[Dataset entries]
= Beginning of Section =

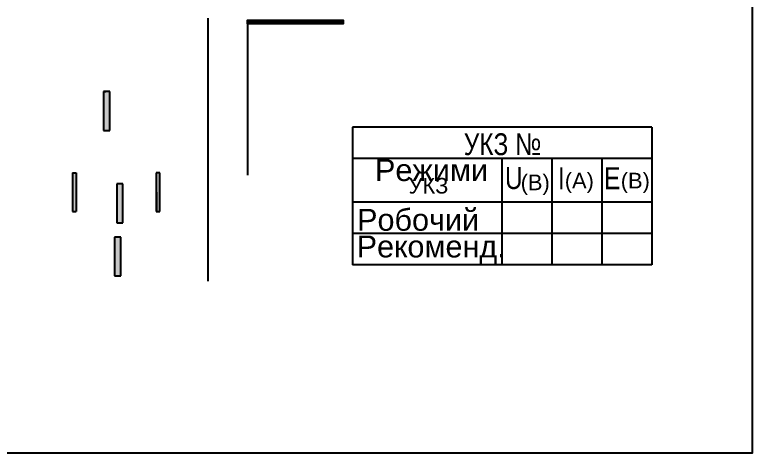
# Model space of a CAD drawing. Header units: millimetres. Extents: x -243 to 1784, y 0 to 1137.
# Drawn here: x -170.4 to -52.5, y 64 to 134.1 of the extents above; entities that cross this region are included whole.
import ezdxf

# ---------------------------------------------------------------- set-up
doc = ezdxf.new("R2010")
doc.units = ezdxf.units.MM
for name, color, linetype in [('График_G', 1, 'Continuous'), ('График_U', 5, 'Continuous'), ('График_UPolar', 3, 'Continuous'), ('ИсследТрД', 6, 'Continuous'), ('Кор сред грунта', 2, 'Continuous'), ('Макет', 7, 'Continuous'), ('Перешкоди', 7, 'Continuous')]:
    doc.layers.add(name, color=color, linetype=linetype)
doc.styles.get("Standard").update_dxf_attribs({"font": 'arial.ttf'})

# ---------------------------------------------------------------- blocks, each defined once
blk = doc.blocks.new('Потенциал_поляр')
at = {"layer": 'График_U', "lineweight": -2}
blk.add_line((0, 0), (0, -42.06), dxfattribs=at)
blk = doc.blocks.new('Кор_выс_грунта')
at = {"layer": 'График_G'}
h = blk.add_hatch(color=1, dxfattribs=at)
h.dxf.hatch_style = 1
h.set_gradient(color1=(255, 0, 0), color2=(255, 10, 10), one_color=1, tint=0.53)
h.paths.add_polyline_path([(1.25, -201.89), (0.75, -201.89), (0.25, -201.89), (0.25, -208.09), (1.25, -208.09)])
at = {"layer": 'График_G', "color": 1}
for p, q in [((1.25, -201.89), (0.25, -201.89)), ((0.25, -201.89), (0.25, -208.09)), ((1.05, -201.89), (0.45, -201.89)), ((1.25, -208.09), (1.25, -201.89)), ((0.25, -208.09), (1.25, -208.09))]:
    blk.add_line(p, q, dxfattribs=at)
blk = doc.blocks.new('Кор_низ_грунта')
at = {"layer": 'График_UPolar'}
h = blk.add_hatch(color=256, dxfattribs=at)
h.dxf.hatch_style = 1
h.set_gradient(color1=(0, 255, 0), color2=(0, 255, 0), tint=0.59)
h.paths.add_polyline_path([(1.25, -201.89), (0.25, -201.89), (0.25, -208.09), (1.25, -208.09)])
for p, q in [((1.25, -201.89), (0.25, -201.89)), ((0.25, -201.89), (0.25, -208.09)), ((0.75, -201.89), (0.35, -201.89)), ((0.6, -201.89), (0.45, -201.89)), ((1.15, -201.89), (0.75, -201.89)), ((1.25, -208.09), (1.25, -201.89)), ((0.25, -208.09), (1.25, -208.09)), ((0.35, -208.09), (1.15, -208.09))]:
    blk.add_line(p, q, dxfattribs=at)
blk = doc.blocks.new('Кор_сред_грунта')
at = {"layer": 'Кор сред грунта'}
h = blk.add_hatch(color=256, dxfattribs=at)
h.dxf.hatch_style = 1
h.set_gradient(color1=(255, 255, 0), color2=(255, 255, 0), tint=0.59)
h.paths.add_polyline_path([(1.25, -201.89), (0.25, -201.89), (0.25, -208.09), (1.25, -208.09)])
for p, q in [((0.75, -201.89), (0.25, -201.89)), ((0.25, -201.89), (0.25, -208.09)), ((0.45, -201.89), (0.6, -201.89)), ((1.25, -201.89), (0.75, -201.89)), ((0.9, -201.89), (0.9, -201.89)), ((1.25, -208.09), (1.25, -201.89)), ((0.25, -208.09), (1.25, -208.09))]:
    blk.add_line(p, q, dxfattribs=at)
blk = doc.blocks.new('Черг_2')
at = {"layer": 'График_U'}
h = blk.add_hatch(color=256, dxfattribs=at)
h.dxf.hatch_style = 1
h.set_gradient(color1=(0, 0, 255), color2=(0, 0, 250), one_color=1, tint=0.49)
h.paths.add_polyline_path([(0.6, -222.89), (0, -222.89), (0, -229.09), (0.6, -229.09)])
for p, q in [((0, -222.89), (0, -229.09)), ((0, -222.89), (0.6, -222.89)), ((0.6, -222.89), (0.6, -229.09)), ((0, -229.09), (0.6, -229.09))]:
    blk.add_line(p, q, dxfattribs=at)
blk = doc.blocks.new('Черг_1')
at = {"layer": 'График_G'}
h = blk.add_hatch(color=256, dxfattribs=at)
h.set_gradient(color1=(255, 0, 0), color2=(219, 0, 0), one_color=1, tint=0.43)
h.paths.add_polyline_path([(0.6, -222.89), (0, -222.89), (0, -229.09), (0.6, -229.09)])
for p, q in [((0.6, -222.89), (0, -222.89)), ((0, -222.89), (0, -229.09)), ((0.6, -229.09), (0.6, -222.89)), ((0, -225.99), (0, -229.09)), ((0.1, -225.99), (0, -225.99)), ((0.1, -229.09), (0.1, -225.99)), ((0, -229.09), (0.1, -229.09)), ((0, -229.09), (0.6, -229.09))]:
    blk.add_line(p, q, dxfattribs=at)
blk = doc.blocks.new('Таблица_катодки')
at = {"layer": 'Перешкоди', "lineweight": -2}
for p, q in [((47.87, 22), (0, 22)), ((0, 22), (0, 0)), ((47.87, 22), (47.87, 0)), ((47.87, 17), (0, 17)), ((23.87, 17), (23.87, 0)), ((31.87, 17), (31.87, 0)), ((39.87, 17), (39.87, 0)), ((47.87, 10), (0, 10)), ((47.87, 5), (0, 5)), ((47.87, 0), (0, 0))]:
    blk.add_line(p, q, dxfattribs=at)
at = {"layer": 'Перешкоди', "lineweight": -2, "width": 0.8}
for s, p in [('УКЗ №', (17.78, 17.53)), ('U', (24.37, 12.11)), ('I', (32.84, 12.08)), ('E', (40.21, 12.08))]:
    blk.add_text(s, height=3.5, dxfattribs=at).set_placement(p)
at = {"layer": 'Перешкоди', "lineweight": -2, "char_height": 3.5, "width": 3.6224, "attachment_point": 1}
for s, insert in [('Режими ', (3.59, 16.89)), ('{\\H0.71429x;(В)} ', (26.88, 14.42)), ('{\\H0.71429x;(A)} ', (33.93, 14.71)), ('{\\H0.71429x;(В)} ', (42.88, 14.71)), ('{\\H0.71429x;УКЗ} ', (8.96, 13.89)), ('Робочий', (0.73, 8.94)), ('Рекоменд.', (0.66, 4.67))]:
    blk.add_mtext(s, dxfattribs=dict(at, insert=insert))

msp = doc.modelspace()

# ---------------------------------------------------------------- linework, layer by layer
at = {"layer": 'ИсследТрД'}
msp.add_lwpolyline([(-133.22, 132.66), (-133.22, 133.26), (-117.91, 133.26), (-117.91, 132.66), (-133.22, 132.66)], dxfattribs=at)
at = {"layer": 'Макет'}
for p, q in [((-133.22, 132.96), (-117.93, 132.96)), ((-133.22, 132.66), (-133.22, 108.47))]:
    msp.add_line(p, q, dxfattribs=at)
at = {"layer": 'Перешкоди', "color": 1, "lineweight": -2}
msp.add_lwpolyline([(-242.95, 249.4), (-52.51, 249.4), (-52.51, 63.98), (-242.95, 63.98)], close=True, dxfattribs=at)

# ---------------------------------------------------------------- block references
at = {"layer": 'График_U'}
for name, p in [('Потенциал_поляр', (-139.55, 133.59)), ('Таблица_катодки', (-116.41, 94.14)), ('Черг_2', (-161.18, 331.72)), ('Черг_1', (-147.8, 331.72))]:
    msp.add_blockref(name, p, dxfattribs=at)
at = {"layer": 'График_U', "color": 2}
for name, p in [('Кор_сред_грунта', (-156.47, 323.72)), ('Кор_выс_грунта', (-154.36, 308.95)), ('Кор_низ_грунта', (-154.69, 300.46))]:
    msp.add_blockref(name, p, dxfattribs=at)

doc.saveas('drawing.dxf')

= End of Section =

An exact reprint of the records above is required, with all pictures left out.

__Result__:
# Model space of a CAD drawing. Header units: millimetres. Extents: x -243 to 1784, y 0 to 1137.
# Drawn here: x -170.4 to -52.5, y 64 to 134.1 of the extents above; entities that cross this region are included whole.
import ezdxf

# ---------------------------------------------------------------- set-up
doc = ezdxf.new("R2010")
doc.units = ezdxf.units.MM
for name, color, linetype in [('График_G', 1, 'Continuous'), ('График_U', 5, 'Continuous'), ('График_UPolar', 3, 'Continuous'), ('ИсследТрД', 6, 'Continuous'), ('Кор сред грунта', 2, 'Continuous'), ('Макет', 7, 'Continuous'), ('Перешкоди', 7, 'Continuous')]:
    doc.layers.add(name, color=color, linetype=linetype)
doc.styles.get("Standard").update_dxf_attribs({"font": 'arial.ttf'})

# ---------------------------------------------------------------- blocks, each defined once
blk = doc.blocks.new('Потенциал_поляр')
at = {"layer": 'График_U', "lineweight": -2}
blk.add_line((0, 0), (0, -42.06), dxfattribs=at)
blk = doc.blocks.new('Кор_выс_грунта')
at = {"layer": 'График_G'}
h = blk.add_hatch(color=1, dxfattribs=at)
h.dxf.hatch_style = 1
h.set_gradient(color1=(255, 0, 0), color2=(255, 10, 10), one_color=1, tint=0.53)
h.paths.add_polyline_path([(1.25, -201.89), (0.75, -201.89), (0.25, -201.89), (0.25, -208.09), (1.25, -208.09)])
at = {"layer": 'График_G', "color": 1}
for p, q in [((1.25, -201.89), (0.25, -201.89)), ((0.25, -201.89), (0.25, -208.09)), ((1.05, -201.89), (0.45, -201.89)), ((1.25, -208.09), (1.25, -201.89)), ((0.25, -208.09), (1.25, -208.09))]:
    blk.add_line(p, q, dxfattribs=at)
blk = doc.blocks.new('Кор_низ_грунта')
at = {"layer": 'График_UPolar'}
h = blk.add_hatch(color=256, dxfattribs=at)
h.dxf.hatch_style = 1
h.set_gradient(color1=(0, 255, 0), color2=(0, 255, 0), tint=0.59)
h.paths.add_polyline_path([(1.25, -201.89), (0.25, -201.89), (0.25, -208.09), (1.25, -208.09)])
for p, q in [((1.25, -201.89), (0.25, -201.89)), ((0.25, -201.89), (0.25, -208.09)), ((0.75, -201.89), (0.35, -201.89)), ((0.6, -201.89), (0.45, -201.89)), ((1.15, -201.89), (0.75, -201.89)), ((1.25, -208.09), (1.25, -201.89)), ((0.25, -208.09), (1.25, -208.09)), ((0.35, -208.09), (1.15, -208.09))]:
    blk.add_line(p, q, dxfattribs=at)
blk = doc.blocks.new('Кор_сред_грунта')
at = {"layer": 'Кор сред грунта'}
h = blk.add_hatch(color=256, dxfattribs=at)
h.dxf.hatch_style = 1
h.set_gradient(color1=(255, 255, 0), color2=(255, 255, 0), tint=0.59)
h.paths.add_polyline_path([(1.25, -201.89), (0.25, -201.89), (0.25, -208.09), (1.25, -208.09)])
for p, q in [((0.75, -201.89), (0.25, -201.89)), ((0.25, -201.89), (0.25, -208.09)), ((0.45, -201.89), (0.6, -201.89)), ((1.25, -201.89), (0.75, -201.89)), ((0.9, -201.89), (0.9, -201.89)), ((1.25, -208.09), (1.25, -201.89)), ((0.25, -208.09), (1.25, -208.09))]:
    blk.add_line(p, q, dxfattribs=at)
blk = doc.blocks.new('Черг_2')
at = {"layer": 'График_U'}
h = blk.add_hatch(color=256, dxfattribs=at)
h.dxf.hatch_style = 1
h.set_gradient(color1=(0, 0, 255), color2=(0, 0, 250), one_color=1, tint=0.49)
h.paths.add_polyline_path([(0.6, -222.89), (0, -222.89), (0, -229.09), (0.6, -229.09)])
for p, q in [((0, -222.89), (0, -229.09)), ((0, -222.89), (0.6, -222.89)), ((0.6, -222.89), (0.6, -229.09)), ((0, -229.09), (0.6, -229.09))]:
    blk.add_line(p, q, dxfattribs=at)
blk = doc.blocks.new('Черг_1')
at = {"layer": 'График_G'}
h = blk.add_hatch(color=256, dxfattribs=at)
h.set_gradient(color1=(255, 0, 0), color2=(219, 0, 0), one_color=1, tint=0.43)
h.paths.add_polyline_path([(0.6, -222.89), (0, -222.89), (0, -229.09), (0.6, -229.09)])
for p, q in [((0.6, -222.89), (0, -222.89)), ((0, -222.89), (0, -229.09)), ((0.6, -229.09), (0.6, -222.89)), ((0, -225.99), (0, -229.09)), ((0.1, -225.99), (0, -225.99)), ((0.1, -229.09), (0.1, -225.99)), ((0, -229.09), (0.1, -229.09)), ((0, -229.09), (0.6, -229.09))]:
    blk.add_line(p, q, dxfattribs=at)
blk = doc.blocks.new('Таблица_катодки')
at = {"layer": 'Перешкоди', "lineweight": -2}
for p, q in [((47.87, 22), (0, 22)), ((0, 22), (0, 0)), ((47.87, 22), (47.87, 0)), ((47.87, 17), (0, 17)), ((23.87, 17), (23.87, 0)), ((31.87, 17), (31.87, 0)), ((39.87, 17), (39.87, 0)), ((47.87, 10), (0, 10)), ((47.87, 5), (0, 5)), ((47.87, 0), (0, 0))]:
    blk.add_line(p, q, dxfattribs=at)
at = {"layer": 'Перешкоди', "lineweight": -2, "width": 0.8}
for s, p in [('УКЗ №', (17.78, 17.53)), ('U', (24.37, 12.11)), ('I', (32.84, 12.08)), ('E', (40.21, 12.08))]:
    blk.add_text(s, height=3.5, dxfattribs=at).set_placement(p)
at = {"layer": 'Перешкоди', "lineweight": -2, "char_height": 3.5, "width": 3.6224, "attachment_point": 1}
for s, insert in [('Режими ', (3.59, 16.89)), ('{\\H0.71429x;(В)} ', (26.88, 14.42)), ('{\\H0.71429x;(A)} ', (33.93, 14.71)), ('{\\H0.71429x;(В)} ', (42.88, 14.71)), ('{\\H0.71429x;УКЗ} ', (8.96, 13.89)), ('Робочий', (0.73, 8.94)), ('Рекоменд.', (0.66, 4.67))]:
    blk.add_mtext(s, dxfattribs=dict(at, insert=insert))

msp = doc.modelspace()

# ---------------------------------------------------------------- linework, layer by layer
at = {"layer": 'ИсследТрД'}
msp.add_lwpolyline([(-133.22, 132.66), (-133.22, 133.26), (-117.91, 133.26), (-117.91, 132.66), (-133.22, 132.66)], dxfattribs=at)
at = {"layer": 'Макет'}
for p, q in [((-133.22, 132.96), (-117.93, 132.96)), ((-133.22, 132.66), (-133.22, 108.47))]:
    msp.add_line(p, q, dxfattribs=at)
at = {"layer": 'Перешкоди', "color": 1, "lineweight": -2}
msp.add_lwpolyline([(-242.95, 249.4), (-52.51, 249.4), (-52.51, 63.98), (-242.95, 63.98)], close=True, dxfattribs=at)

# ---------------------------------------------------------------- block references
at = {"layer": 'График_U'}
for name, p in [('Потенциал_поляр', (-139.55, 133.59)), ('Таблица_катодки', (-116.41, 94.14)), ('Черг_2', (-161.18, 331.72)), ('Черг_1', (-147.8, 331.72))]:
    msp.add_blockref(name, p, dxfattribs=at)
at = {"layer": 'График_U', "color": 2}
for name, p in [('Кор_сред_грунта', (-156.47, 323.72)), ('Кор_выс_грунта', (-154.36, 308.95)), ('Кор_низ_грунта', (-154.69, 300.46))]:
    msp.add_blockref(name, p, dxfattribs=at)

doc.saveas('drawing.dxf')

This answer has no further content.